ACTION ITEM
Copy each line of the records that includes "VECTOR".

(Records from a data collection)
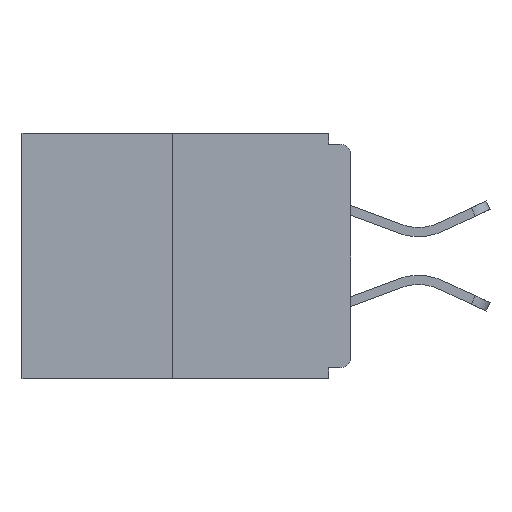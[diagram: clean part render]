
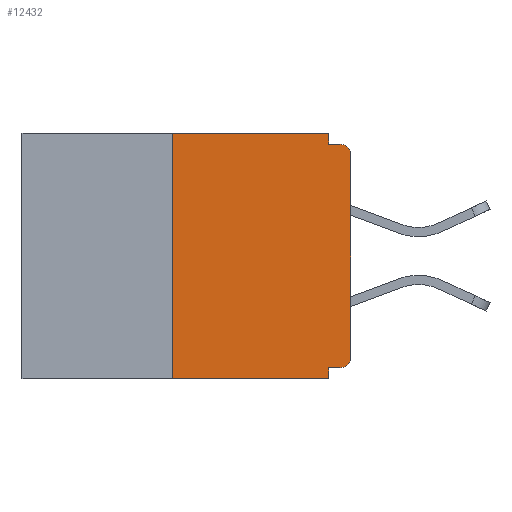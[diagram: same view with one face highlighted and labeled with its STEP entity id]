
A CAD part, left-side view. The second image highlights one B-rep face of the part: STEP entity #12432.
In plain terms, the highlighted planar face has unit normal (-1, 0, 0).
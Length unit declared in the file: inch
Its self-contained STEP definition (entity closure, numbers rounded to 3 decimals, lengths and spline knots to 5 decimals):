
#320 = VERTEX_POINT ( 'NONE', #3369 ) ;
#405 = DIRECTION ( 'NONE',  ( 0., -1., 0. ) ) ;
#645 = DIRECTION ( 'NONE',  ( 0., 0., -1. ) ) ;
#715 = EDGE_CURVE ( 'NONE', #22608, #17469, #26927, .T. ) ;
#1125 = EDGE_CURVE ( 'NONE', #17469, #28558, #24467, .T. ) ;
#1236 = ORIENTED_EDGE ( 'NONE', *, *, #27271, .F. ) ;
#1456 = LINE ( 'NONE', #15636, #24335 ) ;
#3156 = CIRCLE ( 'NONE', #5374, 0.015 ) ;
#3234 = ORIENTED_EDGE ( 'NONE', *, *, #25058, .F. ) ;
#3369 = CARTESIAN_POINT ( 'NONE',  ( 0., 0., -0.03 ) ) ;
#3471 = EDGE_CURVE ( 'NONE', #25056, #6559, #3156, .T. ) ;
#3490 = CARTESIAN_POINT ( 'NONE',  ( 0., 0.031, 0. ) ) ;
#4322 = CARTESIAN_POINT ( 'NONE',  ( 0., 0., -0.328 ) ) ;
#4376 = VERTEX_POINT ( 'NONE', #21404 ) ;
#4894 = CARTESIAN_POINT ( 'NONE',  ( 0., 0.031, -0.328 ) ) ;
#5131 = ORIENTED_EDGE ( 'NONE', *, *, #715, .F. ) ;
#5374 = AXIS2_PLACEMENT_3D ( 'NONE', #19927, #22085, #17809 ) ;
#5521 = CARTESIAN_POINT ( 'NONE',  ( 0., 0.031, -0.343 ) ) ;
#5524 = LINE ( 'NONE', #20011, #22229 ) ;
#5772 = AXIS2_PLACEMENT_3D ( 'NONE', #10310, #12535, #14768 ) ;
#5837 = CARTESIAN_POINT ( 'NONE',  ( 0., 0.031, -0.015 ) ) ;
#6151 = EDGE_CURVE ( 'NONE', #6559, #320, #11330, .T. ) ;
#6559 = VERTEX_POINT ( 'NONE', #20660 ) ;
#6804 = LINE ( 'NONE', #22371, #19999 ) ;
#8015 = DIRECTION ( 'NONE',  ( 0., 0., -1. ) ) ;
#8715 = ORIENTED_EDGE ( 'NONE', *, *, #1125, .F. ) ;
#8783 = ORIENTED_EDGE ( 'NONE', *, *, #23031, .T. ) ;
#9260 = ORIENTED_EDGE ( 'NONE', *, *, #3471, .T. ) ;
#9305 = DIRECTION ( 'NONE',  ( 1., 0., 0. ) ) ;
#10135 = DIRECTION ( 'NONE',  ( 0., 0., 1. ) ) ;
#10302 = CARTESIAN_POINT ( 'NONE',  ( 0., 0.031, 0. ) ) ;
#10310 = CARTESIAN_POINT ( 'NONE',  ( 0., 0.015, -0.03 ) ) ;
#11330 = LINE ( 'NONE', #19415, #21780 ) ;
#11471 = CARTESIAN_POINT ( 'NONE',  ( 0., 0.46, 0. ) ) ;
#12432 = ADVANCED_FACE ( 'NONE', ( #12539 ), #18163, .F. ) ;
#12535 = DIRECTION ( 'NONE',  ( -1., 0., 0. ) ) ;
#12539 = FACE_OUTER_BOUND ( 'NONE', #28422, .T. ) ;
#13223 = DIRECTION ( 'NONE',  ( 0., -1., 0. ) ) ;
#13381 = CARTESIAN_POINT ( 'NONE',  ( 0., 0.25, 0. ) ) ;
#13684 = CARTESIAN_POINT ( 'NONE',  ( 0., 0.015, -0.328 ) ) ;
#13854 = CARTESIAN_POINT ( 'NONE',  ( 0., 0.46, 0. ) ) ;
#13921 = ORIENTED_EDGE ( 'NONE', *, *, #21216, .F. ) ;
#14211 = CARTESIAN_POINT ( 'NONE',  ( 0., 0.25, 0. ) ) ;
#14256 = VECTOR ( 'NONE', #21989, 39.37008 ) ;
#14266 = AXIS2_PLACEMENT_3D ( 'NONE', #13854, #9305, #645 ) ;
#14768 = DIRECTION ( 'NONE',  ( 0., 0., -1. ) ) ;
#14957 = LINE ( 'NONE', #4322, #14256 ) ;
#15099 = DIRECTION ( 'NONE',  ( 0., 0., 1. ) ) ;
#15193 = EDGE_CURVE ( 'NONE', #320, #4376, #23530, .T. ) ;
#15636 = CARTESIAN_POINT ( 'NONE',  ( 0., 0., -0.015 ) ) ;
#17136 = VECTOR ( 'NONE', #8015, 39.37008 ) ;
#17469 = VERTEX_POINT ( 'NONE', #13381 ) ;
#17809 = DIRECTION ( 'NONE',  ( 0., 0., -1. ) ) ;
#18163 = PLANE ( 'NONE',  #14266 ) ;
#18275 = ORIENTED_EDGE ( 'NONE', *, *, #26690, .F. ) ;
#18540 = LINE ( 'NONE', #3490, #17136 ) ;
#19282 = VECTOR ( 'NONE', #405, 39.37008 ) ;
#19415 = CARTESIAN_POINT ( 'NONE',  ( 0., 0., 0. ) ) ;
#19927 = CARTESIAN_POINT ( 'NONE',  ( 0., 0.015, -0.313 ) ) ;
#19999 = VECTOR ( 'NONE', #24569, 39.37008 ) ;
#20011 = CARTESIAN_POINT ( 'NONE',  ( 0., 0.031, -0.343 ) ) ;
#20660 = CARTESIAN_POINT ( 'NONE',  ( 0., 0., -0.313 ) ) ;
#21070 = VECTOR ( 'NONE', #10135, 39.37008 ) ;
#21216 = EDGE_CURVE ( 'NONE', #24443, #27901, #5524, .T. ) ;
#21404 = CARTESIAN_POINT ( 'NONE',  ( 0., 0.015, -0.015 ) ) ;
#21780 = VECTOR ( 'NONE', #15099, 39.37008 ) ;
#21989 = DIRECTION ( 'NONE',  ( 0., 1., 0. ) ) ;
#22085 = DIRECTION ( 'NONE',  ( -1., 0., 0. ) ) ;
#22229 = VECTOR ( 'NONE', #24757, 39.37008 ) ;
#22371 = CARTESIAN_POINT ( 'NONE',  ( 0., 0.46, -0.343 ) ) ;
#22456 = ORIENTED_EDGE ( 'NONE', *, *, #15193, .T. ) ;
#22608 = VERTEX_POINT ( 'NONE', #26803 ) ;
#23031 = EDGE_CURVE ( 'NONE', #22608, #27901, #6804, .T. ) ;
#23530 = CIRCLE ( 'NONE', #5772, 0.015 ) ;
#24335 = VECTOR ( 'NONE', #13223, 39.37008 ) ;
#24443 = VERTEX_POINT ( 'NONE', #4894 ) ;
#24467 = LINE ( 'NONE', #11471, #19282 ) ;
#24569 = DIRECTION ( 'NONE',  ( 0., -1., 0. ) ) ;
#24757 = DIRECTION ( 'NONE',  ( 0., 0., -1. ) ) ;
#25056 = VERTEX_POINT ( 'NONE', #13684 ) ;
#25058 = EDGE_CURVE ( 'NONE', #28558, #26974, #18540, .T. ) ;
#25545 = ORIENTED_EDGE ( 'NONE', *, *, #6151, .T. ) ;
#26690 = EDGE_CURVE ( 'NONE', #25056, #24443, #14957, .T. ) ;
#26803 = CARTESIAN_POINT ( 'NONE',  ( 0., 0.25, -0.343 ) ) ;
#26927 = LINE ( 'NONE', #14211, #21070 ) ;
#26974 = VERTEX_POINT ( 'NONE', #5837 ) ;
#27271 = EDGE_CURVE ( 'NONE', #26974, #4376, #1456, .T. ) ;
#27901 = VERTEX_POINT ( 'NONE', #5521 ) ;
#28422 = EDGE_LOOP ( 'NONE', ( #8715, #5131, #8783, #13921, #18275, #9260, #25545, #22456, #1236, #3234 ) ) ;
#28558 = VERTEX_POINT ( 'NONE', #10302 ) ;

TASK RESULT
#14256 = VECTOR ( 'NONE', #21989, 39.37008 ) ;
#17136 = VECTOR ( 'NONE', #8015, 39.37008 ) ;
#19282 = VECTOR ( 'NONE', #405, 39.37008 ) ;
#19999 = VECTOR ( 'NONE', #24569, 39.37008 ) ;
#21070 = VECTOR ( 'NONE', #10135, 39.37008 ) ;
#21780 = VECTOR ( 'NONE', #15099, 39.37008 ) ;
#22229 = VECTOR ( 'NONE', #24757, 39.37008 ) ;
#24335 = VECTOR ( 'NONE', #13223, 39.37008 ) ;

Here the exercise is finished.